+
+char_type const arabic_start = 0xc1;
+
+
+/// Information about a single UCS4 character
+struct CharInfo {
+ /// LaTeX command for this character
+ docstring command;
+ /// Needed LaTeX preamble (or feature)
+ string preamble;
+ /// Is this a combining character?
+ bool combining;
+ /// Is \c preamble a feature known by LaTeXFeatures, or a raw LaTeX
+ /// command?
+ bool feature;
+ /// Always force the LaTeX command, even if the encoding contains
+ /// this character?
+ bool force;
+};
+
+
+typedef std::map<char_type, CharInfo> CharInfoMap;
+CharInfoMap unicodesymbols;
+
+} // namespace anon
+
+
+Encoding::Encoding(string const & n, string const & l, string const & i)

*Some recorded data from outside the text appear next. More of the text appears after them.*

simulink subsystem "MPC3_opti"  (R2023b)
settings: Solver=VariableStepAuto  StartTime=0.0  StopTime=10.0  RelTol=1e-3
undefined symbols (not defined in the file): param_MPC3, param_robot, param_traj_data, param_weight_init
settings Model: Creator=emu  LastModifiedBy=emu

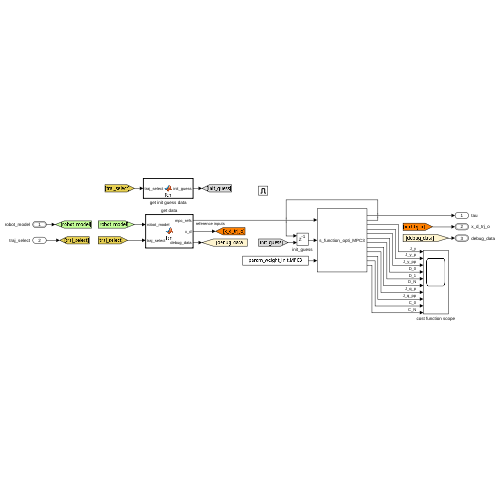
[thumbnail: Simulink's stored preview of the top-level diagram]
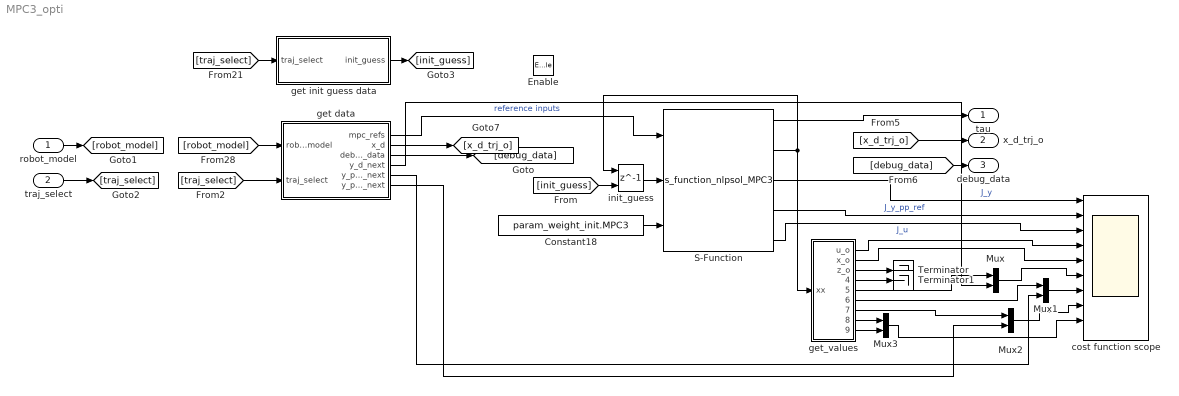
== system MPC3_opti ==
  robot_model : Inport  OutDataTypeStr=Bus: robot_model
  traj_select : Inport  Port=2
  Enable : EnablePort
  Constant18 : Constant  Value=param_weight_init.MPC3  VectorParams1D=off
  Mux{,1..3} (4 alike) : Mux  Inputs=2
  S-Function : S-Function  FunctionName=s_function_nlpsol_MPC3  Parameters='s_functions/MPC3.casadi', 'MPC3'  SFunctionModules='MPC3'  SFunctionDeploymentMode=off  EnableBusSupport=off
  Terminator : Terminator
  Terminator1 : Terminator
  cost function scope : Scope  NumInputPorts=10
  get data : MATLAB Function  TreatAsAtomicUnit=on
  get init guess data : MATLAB Function  TreatAsAtomicUnit=on
  get_values : MATLAB Function  TreatAsAtomicUnit=on
  init_guess : Delay  DelayLength=1  InitialConditionSource=Input port  InitialCondition=1
      settings: InputPortMap=u0,p4
  tau : Outport
  x_d_trj_o : Outport  Port=2  OutDataTypeStr=Bus: x_d
  debug_data : Outport  Port=3  OutDataTypeStr=Bus: debug_data_bus
  wires:
  get init guess data/1(init_guess) -> [init_guess]
  S-Function/2 -> init_guess/1, get_values/1(xx)
  [debug_data] -> debug_data/1
  get data/3(debug_data) -> [debug_data]
  get data/1(mpc_refs) -> S-Function/1  "reference inputs"
  S-Function/3 -> cost function scope/1  "J_y"
  [robot_model] -> get data/1(robot_model)
  S-Function/4 -> cost function scope/2  "J_y_pp_ref"
  [traj_select] -> get data/2(traj_select)
  [init_guess] -> init_guess/2
  Constant18/1 -> S-Function/3
  init_guess/1 -> S-Function/2
  [traj_select] -> get init guess data/1(traj_select)
  robot_model/1 -> [robot_model]
  [x_d_trj_o] -> x_d_trj_o/1
  get data/2(x_d) -> [x_d_trj_o]
  S-Function/1 -> tau/1
  traj_select/1 -> [traj_select]
  get_values/1(u_o) -> cost function scope/4
  get_values/2(x_o) -> cost function scope/5
  get_values/6(y_p_ref_next) -> Mux1/1
  get_values/7(y_pp_ref_next) -> Mux2/1
  get data/4(y_d_next) -> Mux/2
  get data/5(y_p_d_next) -> Mux1/2
  get data/6(y_pp_d_next) -> Mux2/2
  get_values/5(y_ref_next) -> Mux/1
  Mux1/1 -> cost function scope/7
  Mux2/1 -> cost function scope/8
  get_values/3(z_o) -> Terminator/1
  get_values/4(alpha_o) -> Terminator1/1
  Mux3/1 -> cost function scope/9
  get_values/8(y_N) -> Mux3/1
  get_values/9(y_ref_N) -> Mux3/2
  S-Function/5 -> cost function scope/3  "J_u"
  Mux/1 -> cost function scope/6

== matlab function MPC3_opti/get data ==
  settings: updateMethod=DISCRETE  sampleTime=param_global.Ta
  data: mpc_refs output; robot_model input Bus: robot_model; param_MPC3 parameter; x_d output Bus: x_d; debug_data output Bus: debug_data_bus; param_traj_data parameter; traj_select input; y_d_next output; y_p_d_next output; y_pp_d_next output
function [mpc_refs, x_d, debug_data, y_d_next, y_p_d_next, y_pp_d_next] = fcn(robot_model, param_MPC3, param_traj_data, traj_select)
persistent cnt;

if(isempty(cnt))
    cnt = 1;
end

param_MPC = param_MPC3;
N         = param_MPC.N;
N_step    = param_MPC.N_step;

% Parameters
q    = robot_model.q;      % generalized coordinates
q_p  = robot_model.q_p;  % time derivative of generalized coordinates
q_pp = robot_model.q_pp;
H    = robot_model.H;
J    = robot_model.J;
J_p  = robot_model.J_p;

% Current Pose of Endeffector
p = H(1:2,4);
p_p = J(1:2,1:2)*q_p;
p_pp = J(1:2,1:2)*q_pp + J_p(1:2,1:2)*q_p;

R = H(1:3,1:3);

% desired Orientation as Rotationmatrix
q_e = rotation2quaternion(R);

% Error of Position (translation) and first time derivative
q_err = quat_mult(q_e, quat_inv(param_traj_data.q_d(1:4, cnt, traj_select)));

x_k = [q;q_p];

% Assemble vector of recieved output measurements
p_d_traj    = param_traj_data.p_d(   1:3, cnt : N_step : cnt + (N)*N_step, traj_select);
p_d_p_traj  = param_traj_data.p_d_p( 1:3, cnt : N_step : cnt + (N)*N_step, traj_select);
p_d_pp_traj = param_traj_data.p_d_pp(1:3, cnt : N_step : cnt + (N)*N_step, traj_select);

y_ref    = p_d_traj(   1:2, 1 + (0:N) ); %       y1,   y2,   ... yN
y_ref_p  = p_d_p_traj( 1:2, 1 + (0:N) ); %       y1p,  y2p,  ... yNp
y_ref_pp = p_d_pp_traj(1:2, 1 + (0:N) ); % y0pp, y1pp, y2pp, ... yN-1pp

z_0 = [y_ref(:,1); y_ref_p(:,1)];
%z_0 = [p; p_p]; % aktuelle Position ist problematisch und führt zu instab.

y_d_next = y_ref(:,2);
y_p_d_next = y_ref_p(:, 2);
y_pp_d_next = y_ref_pp(:, 2);

cnt = cnt+1;

%% Reference out

mpc_refs = [x_k(:); z_0(:); y_ref(:); y_ref_p(:); y_ref_pp(:)]';

%% TRAJECTORY OUT
x_d.p_d       = p_d_traj(1:3,1);    %y0
x_d.p_d_p     = p_d_p_traj(1:3,1);  %y0p
x_d.p_d_pp    = p_d_pp_traj(1:3,1); %y0pp
x_d.q_d       = [0; 0; 0; 0];
x_d.omega_d   = [0; 0; 0];
x_d.omega_d_p = [0; 0; 0];

%% DEBUG
debug_data.p    = p(1:2);
debug_data.p_p  = p_p(1:2);
debug_data.p_pp = p_pp(1:2);
debug_data.rot_x_err = q_err(2);
debug_data.rot_y_err = q_err(3);
debug_data.rot_z_err = q_err(4);

== matlab function MPC3_opti/get init guess data ==
  data: traj_select input; param_MPC3_init_guess parameter; init_guess output
function init_guess  = fcn(traj_select, param_MPC3_init_guess)

init_guess = param_MPC3_init_guess.init_guess(traj_select, :);

== matlab function MPC3_opti/get_values ==
  data: xx input; u_o output; x_o output; z_o output; alpha_o output; param_MPC3 parameter; param_robot parameter; y_ref_next output; y_p_ref_next output; y_pp_ref_next output; y_N output; y_ref_N output
function [u_o, x_o, z_o, alpha_o, y_ref_next, y_p_ref_next, y_pp_ref_next, y_N, y_ref_N] = fcn(xx, param_MPC3, param_robot)

n = param_robot.n_DOF;

len_u     = n*  (param_MPC3.N  );
len_x     = 2*n*(param_MPC3.N+1);
len_z     = 2*n*(param_MPC3.N+1);
len_alpha = n*  (param_MPC3.N+1);


u = xx(1:len_u);

offset = len_u;

x = xx(offset + (1:len_x));

offset = len_u + len_x;

z = xx(offset + (1:len_z));

offset = len_u + len_x + len_z;

alpha = xx(offset + (1:len_alpha));

u_o = u(1:2);
x_o = x(1:4);
z_o = z(1:4);
alpha_o = alpha(1:2);

y_ref_next = z(4+(1:2));
y_p_ref_next = z(4+(3:4));
y_pp_ref_next = alpha(2+(1:2));

q_N = x(end-3:end-2);
H_N = hom_transform_endeffector(q_N, param_robot);

y_N = H_N(1:2, 4)';
y_ref_N = z(end-3:end-2);
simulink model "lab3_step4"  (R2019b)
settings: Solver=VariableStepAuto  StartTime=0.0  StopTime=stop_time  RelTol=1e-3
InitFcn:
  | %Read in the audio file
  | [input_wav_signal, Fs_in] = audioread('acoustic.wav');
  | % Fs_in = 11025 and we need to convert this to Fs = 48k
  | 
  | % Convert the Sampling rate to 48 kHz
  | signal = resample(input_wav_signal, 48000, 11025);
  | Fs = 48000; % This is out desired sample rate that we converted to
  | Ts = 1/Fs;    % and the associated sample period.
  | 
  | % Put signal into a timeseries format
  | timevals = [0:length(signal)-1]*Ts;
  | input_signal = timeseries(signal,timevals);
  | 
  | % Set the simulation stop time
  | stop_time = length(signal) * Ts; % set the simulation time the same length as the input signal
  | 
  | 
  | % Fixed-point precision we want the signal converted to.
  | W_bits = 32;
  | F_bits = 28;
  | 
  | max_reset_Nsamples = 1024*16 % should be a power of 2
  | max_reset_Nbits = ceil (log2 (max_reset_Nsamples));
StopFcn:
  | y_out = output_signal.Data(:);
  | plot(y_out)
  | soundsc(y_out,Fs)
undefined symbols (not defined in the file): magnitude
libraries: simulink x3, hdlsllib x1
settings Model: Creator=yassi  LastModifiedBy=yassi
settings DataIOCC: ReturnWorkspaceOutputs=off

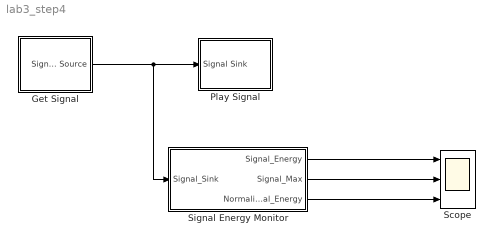
== system lab3_step4 ==
  Get Signal : Subsystem
  Play Signal : Subsystem
  Scope : Scope  NumInputPorts=3
  Signal Energy Monitor : Subsystem
  wires:
  Get Signal/1(Signal Source) -> Signal Energy Monitor/1(Signal_Sink), Play Signal/1(Signal Sink)
  Signal Energy Monitor/1(Signal_Energy) -> Scope/1
  Signal Energy Monitor/2(Signal_Max) -> Scope/2
  Signal Energy Monitor/3(Normalized_Signal_Energy) -> Scope/3

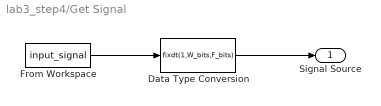
== system lab3_step4/Get Signal ==
  Data Type Conversion : DataTypeConversion  OutDataTypeStr=fixdt(1,W_bits,F_bits)
  From Workspace : FromWorkspace  VariableName=input_signal  SampleTime=Ts
  Signal Source : Outport
  wires:
  From Workspace/1 -> Data Type Conversion/1
  Data Type Conversion/1 -> Signal Source/1

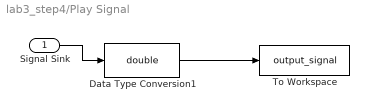
== system lab3_step4/Play Signal ==
  Signal Sink : Inport
  Data Type Conversion1 : DataTypeConversion  OutDataTypeStr=double
  To Workspace : ToWorkspace  VariableName=output_signal  SaveFormat=Timeseries  SampleTime=-1
  wires:
  Data Type Conversion1/1 -> To Workspace/1
  Signal Sink/1 -> Data Type Conversion1/1

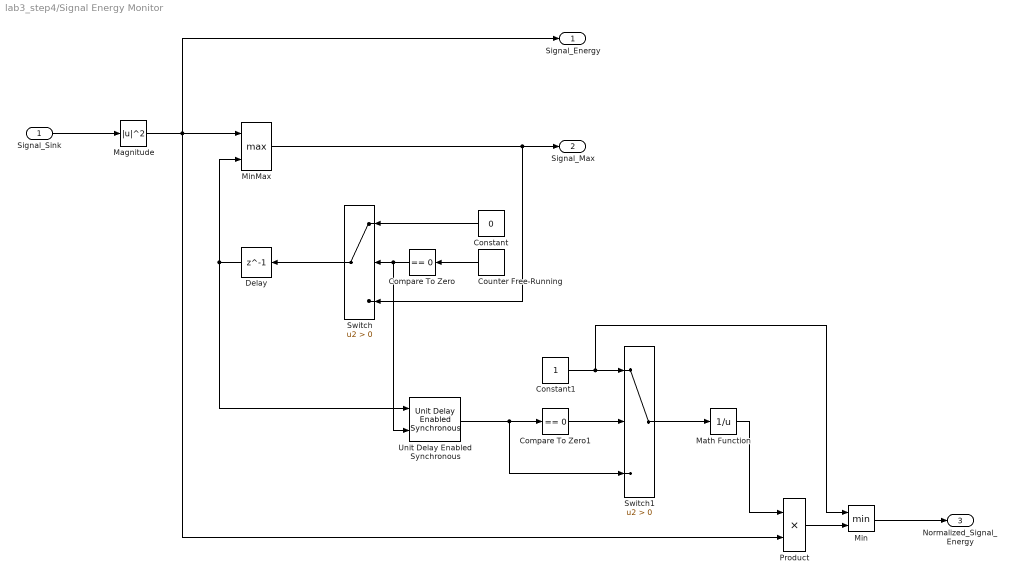
== system lab3_step4/Signal Energy Monitor ==
  Signal_Sink : Inport
  Compare To Zero : simulink/Logic and Bit Operations/Compare To Zero  relop===  OutDataTypeStr=boolean
  Compare To Zero1 : simulink/Logic and Bit Operations/Compare To Zero  relop===  OutDataTypeStr=boolean
  Constant : Constant  Value=0  OutDataTypeStr=fixdt(1,W_bits,F_bits)  SampleTime=Ts
  Constant1 : Constant  OutDataTypeStr=fixdt(1,W_bits,F_bits)  SampleTime=Ts
  Counter Free-Running : simulink/Sources/Counter Free-Running  NumBits=max_reset_Nbits  tsamp=Ts
  Delay : Delay  DelayLength=1
  Magnitude : Math  Operator=magnitude^2  RndMeth=Zero  SaturateOnIntegerOverflow=on
  Math Function : Math  Operator=reciprocal  SignedPower=off  OutDataTypeStr=fixdt(1,32,24)  SaturateOnIntegerOverflow=on
  Min : MinMax  Inputs=2
  MinMax : MinMax  Function=max  Inputs=2
  Product : Product  OutDataTypeStr=fixdt(1,32,28)
  Switch : Switch  Criteria=u2 > Threshold
  Switch1 : Switch  Criteria=u2 > Threshold
  Unit Delay Enabled Synchronous : hdlsllib/Discrete/Unit Delay Enabled Synchronous  InitialCondition=0.0  SampleTime=-1
      settings: SourceProductName=Simulink  SourceProductBaseCode=SL
  Signal_Energy : Outport
  Signal_Max : Outport  Port=2
  Normalized_Signal_Energy : Outport  Port=3
  wires:
  Magnitude/1 -> Product/2, Signal_Energy/1, MinMax/1
  MinMax/1 -> Switch/3, Signal_Max/1
  Delay/1 -> MinMax/2, Unit Delay Enabled Synchronous/1
  Signal_Sink/1 -> Magnitude/1
  Switch/1 -> Delay/1
  Constant/1 -> Switch/1
  Counter Free-Running/1 -> Compare To Zero/1
  Compare To Zero/1 -> Unit Delay Enabled Synchronous/2, Switch/2
  Math Function/1 -> Product/1
  Unit Delay Enabled Synchronous/1 -> Switch1/3, Compare To Zero1/1
  Constant1/1 -> Min/1, Switch1/1
  Compare To Zero1/1 -> Switch1/2
  Switch1/1 -> Math Function/1
  Product/1 -> Min/2
  Min/1 -> Normalized_Signal_Energy/1

+ : Name_(n), LatexName_(l), iconvName_(i)
+{
+ if (n == "ascii")
+ // ASCII can encode 128 code points and nothing else
+ start_encodable_ = 128;
+ if (n == "utf8" || n == "utf8x")
+ // UTF8 can encode all 1<<20 + 1<<16 UCS4 code points
+ start_encodable_ = 0x110000;
+ else {
+ start_encodable_ = 0;
+ // temporarily switch off lyxerr, since we will generate iconv errors
+ lyxerr.disable();
+ for (unsigned short j = 0; j < 256; ++j) {
+ char const c = j;
+ std::vector<char_type> const ucs4 = eightbit_to_ucs4(&c, 1, i);
+ if (ucs4.size() == 1) {
+ char_type const c = ucs4[0];
+ CharInfoMap::const_iterator const it = unicodesymbols.find(c);
+ if (it == unicodesymbols.end() || !it->second.force)
+ encodable_.insert(c);
+ }
+ }
+ lyxerr.enable();
+ CharSet::iterator it = encodable_.find(start_encodable_);
+ while (it != encodable_.end()) {
+ encodable_.erase(it);
+ ++start_encodable_;
+ it = encodable_.find(start_encodable_);
+ }
+ }
+}
+
+
+docstring const Encoding::latexChar(char_type c) const
+{
+ if (c < start_encodable_)
+ return docstring(1, c);
+ if (encodable_.find(c) == encodable_.end()) {
+ // c cannot be encoded in this encoding
+ CharInfoMap::const_iterator const it = unicodesymbols.find(c);
+ if (it == unicodesymbols.end())
+ lyxerr << "Could not find LaTeX command for character 0x"
+ << std::hex << c << ".\nLaTeX export will fail."
+ << endl;
+ else
+ return it->second.command;
+ }
+ return docstring(1, c);
+}
+
+
+void Encoding::validate(char_type c, LaTeXFeatures & features) const
+{
+ // Add the preamble stuff even if c can be encoded in this encoding,
+ // since the inputenc package only maps the code point c to a command,
+ // it does not make this command available.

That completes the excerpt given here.